# Lindberg



## kiwidave (Jul 20, 2009)

Has anyone converted these to slot cars? The Healey looks to have possibilities. It is sitting on a AW Ultra G in the pic!


----------



## pshoe64 (Jun 10, 2008)

I've done up several of the Lindys using T-jet chassis. I have the Maverick, Vega, Cadillac, Lincoln, Vette, Jag, Mustang, Camaro, VW Bug and the Van Body Delivery Truck. I like the Healys. Never got my hands on one of those or the MG.

-Paul


----------



## slotcarman12078 (Oct 3, 2008)

I had a Healy before I knew what I was doing, and like a dummy let it go. One of these days when I'm not so upside down I'll have to snag another. Look, they already have the head lights drilled out for me! :lol:

I've ( obviously ) done the van, and I made an attempt at the wrecker with a divorced axle, and then pared the wrecker body down for a standard T jet chassis. I've also powered a VW bus, and the school bus ( which took a customized chassis ) . There's quite a few that can be converted. There's a guy here named Satellite who has done a bunch of them. He might pop in on this thread, because like me, he has a thing for Lindys. 

The Monte Carlo That RRR and MEV make are based on a Lindy body, and the hot rod pick up fits a slimline chassis.


----------



## ParkRNDL (Mar 20, 2002)

Here's my sorry little Mini-Lindy collection:










I keep picking these things up every time I see them because I know they can potentially be converted to slot car duty, but then I never do it because the scale bugs me, as they are so much larger than Tjets. A Vega that comes in larger than a Galaxie makes me twitch. But then they're still little plastic toy cars, so I can't resist them.

The first two rows are in good to very good shape. Everything behind that is in varying stages of beat, from painted with a brush to missing pieces to cracked all the way through.

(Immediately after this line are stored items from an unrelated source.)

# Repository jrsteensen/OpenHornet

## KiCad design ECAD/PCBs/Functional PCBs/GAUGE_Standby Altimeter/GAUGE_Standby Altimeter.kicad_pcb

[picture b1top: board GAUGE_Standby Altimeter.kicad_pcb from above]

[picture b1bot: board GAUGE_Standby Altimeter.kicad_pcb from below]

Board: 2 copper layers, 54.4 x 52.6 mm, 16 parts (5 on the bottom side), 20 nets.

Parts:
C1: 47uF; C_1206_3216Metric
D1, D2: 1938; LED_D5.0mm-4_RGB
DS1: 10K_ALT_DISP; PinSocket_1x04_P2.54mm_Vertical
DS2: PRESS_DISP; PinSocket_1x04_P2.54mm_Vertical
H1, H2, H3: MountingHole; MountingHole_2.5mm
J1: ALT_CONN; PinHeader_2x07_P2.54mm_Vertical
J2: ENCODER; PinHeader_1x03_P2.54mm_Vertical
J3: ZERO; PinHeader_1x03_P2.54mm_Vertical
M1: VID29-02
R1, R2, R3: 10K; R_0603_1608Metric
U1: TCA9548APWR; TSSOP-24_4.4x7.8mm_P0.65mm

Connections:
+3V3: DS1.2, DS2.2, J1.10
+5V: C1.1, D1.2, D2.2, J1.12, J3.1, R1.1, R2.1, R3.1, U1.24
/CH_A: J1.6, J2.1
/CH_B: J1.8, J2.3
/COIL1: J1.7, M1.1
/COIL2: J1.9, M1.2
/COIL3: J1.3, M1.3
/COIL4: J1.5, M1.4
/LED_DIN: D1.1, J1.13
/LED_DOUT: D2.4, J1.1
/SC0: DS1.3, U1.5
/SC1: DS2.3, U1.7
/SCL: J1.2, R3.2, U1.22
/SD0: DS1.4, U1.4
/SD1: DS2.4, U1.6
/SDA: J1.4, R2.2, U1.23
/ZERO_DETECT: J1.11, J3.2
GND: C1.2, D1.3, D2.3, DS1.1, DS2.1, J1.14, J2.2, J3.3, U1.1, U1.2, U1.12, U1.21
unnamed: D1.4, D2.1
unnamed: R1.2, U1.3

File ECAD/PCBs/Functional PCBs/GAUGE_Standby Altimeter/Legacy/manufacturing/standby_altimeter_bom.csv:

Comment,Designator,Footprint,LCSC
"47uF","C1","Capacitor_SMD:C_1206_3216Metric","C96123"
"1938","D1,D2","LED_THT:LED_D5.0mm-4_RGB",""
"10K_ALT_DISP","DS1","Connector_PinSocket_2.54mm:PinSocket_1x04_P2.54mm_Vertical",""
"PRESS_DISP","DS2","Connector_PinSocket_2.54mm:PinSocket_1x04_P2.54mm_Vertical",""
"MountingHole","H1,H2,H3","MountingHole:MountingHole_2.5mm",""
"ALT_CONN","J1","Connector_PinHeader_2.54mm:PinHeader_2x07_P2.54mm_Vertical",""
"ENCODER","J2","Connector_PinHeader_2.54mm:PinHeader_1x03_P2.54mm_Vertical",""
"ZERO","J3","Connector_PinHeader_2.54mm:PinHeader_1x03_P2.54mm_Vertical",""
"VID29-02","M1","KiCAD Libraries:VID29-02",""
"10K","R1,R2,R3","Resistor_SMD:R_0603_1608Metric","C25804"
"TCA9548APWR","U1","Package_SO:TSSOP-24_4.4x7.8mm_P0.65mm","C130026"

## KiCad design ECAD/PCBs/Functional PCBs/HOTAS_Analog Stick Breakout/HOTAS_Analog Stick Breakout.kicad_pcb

Funny story about that Monte Carlo. I bought it at a slot car show because I had to have it since I had a '70 back in college. The previous owner tried to shorten it, apparently for Tjet duty, but (ahem) could have done a better job. I posted it a long time ago and Bill responded that he was sure I could fix it up with a little goopulation. Since that time, I have found the Jag with no chassis that would be a perfect goop donor, but still haven't gotten around to the project. When SCM posted that the RRR/MEV Monte Carlos were based on that one, I was thinking that the size was too far off (the MEV is smaller), but looking close at the Lindy and the MEV side by side, there are a lot of things that line up way too well. For example, the trunk lids appear to be EXACTLY the same, the cowl vents are the same the body line around the rear wheelwell is the same, the shape of the front and rear of the wheelwell matches though it's been shortened across the top. Things that make you go hmmmmm...

--rick


----------



## slotcarman12078 (Oct 3, 2008)

Both Mike and Phil must have had to do a little tweaking on the body. I've never had the MEV version or the original Lindy body so I can't say how they measure up side by side. I like Lindys because they are different. I do look at scale a bit too and an oversized Vega would kinda ruin it for me, unless of course I was running it against a AFX bodied or bigger car. That is the sad thing about older slot cars in general. Scale for T Jets (and others ) was based on one basic width and two wheel base lengths. And even then things would get wonky. I guess they figured at the time they were supposed to be looked at moving, and not studied up close and overly scrutinized regarding proportions. As long as there was enough things to make one car distinguishable from another and there were enough characteristics to see what make and body style they were shooting for that was good 'nuf.


----------



## slotto (Feb 9, 2010)

*Lindgerg Mail Truck*









I picked this Mini-Lindy body up at a slot car show...too small for a T-Jet


----------



## slotcarman12078 (Oct 3, 2008)

I have often though about splicing two mail trucks together to make one longer one, but never got around to bidding on them. I guess I was waiting for them to show up in a lot, but that never happened. Cool idea there slotto! That looks wild!! :thumbsup:


----------



## coach61 (Sep 6, 2004)

Mini Lindy Jag..


----------



## tjetsgrig (Nov 1, 2009)

Here's my Lindy conversion!!


----------



## TUFFONE (Dec 21, 2004)

I have the pick-up on a T-jet chassis. I shortened the body a bit and it looks really good. I have the mail truck mounted on a modified Micro-Machines chassis that I run on Aurora bus track. Works good.


----------



## kiwidave (Jul 20, 2009)

Thanks guys for the replies! The tan Healey is going away to be reworked a little and resin cast.


----------



## alpink (Aug 22, 2010)

I have done the tow truck, the mail truck as a lunch truck, the chevy van, even chopped and lowered the van, and one of the english touring cars on a slim line. oh yeah and the school bus with a divorced front axle.


----------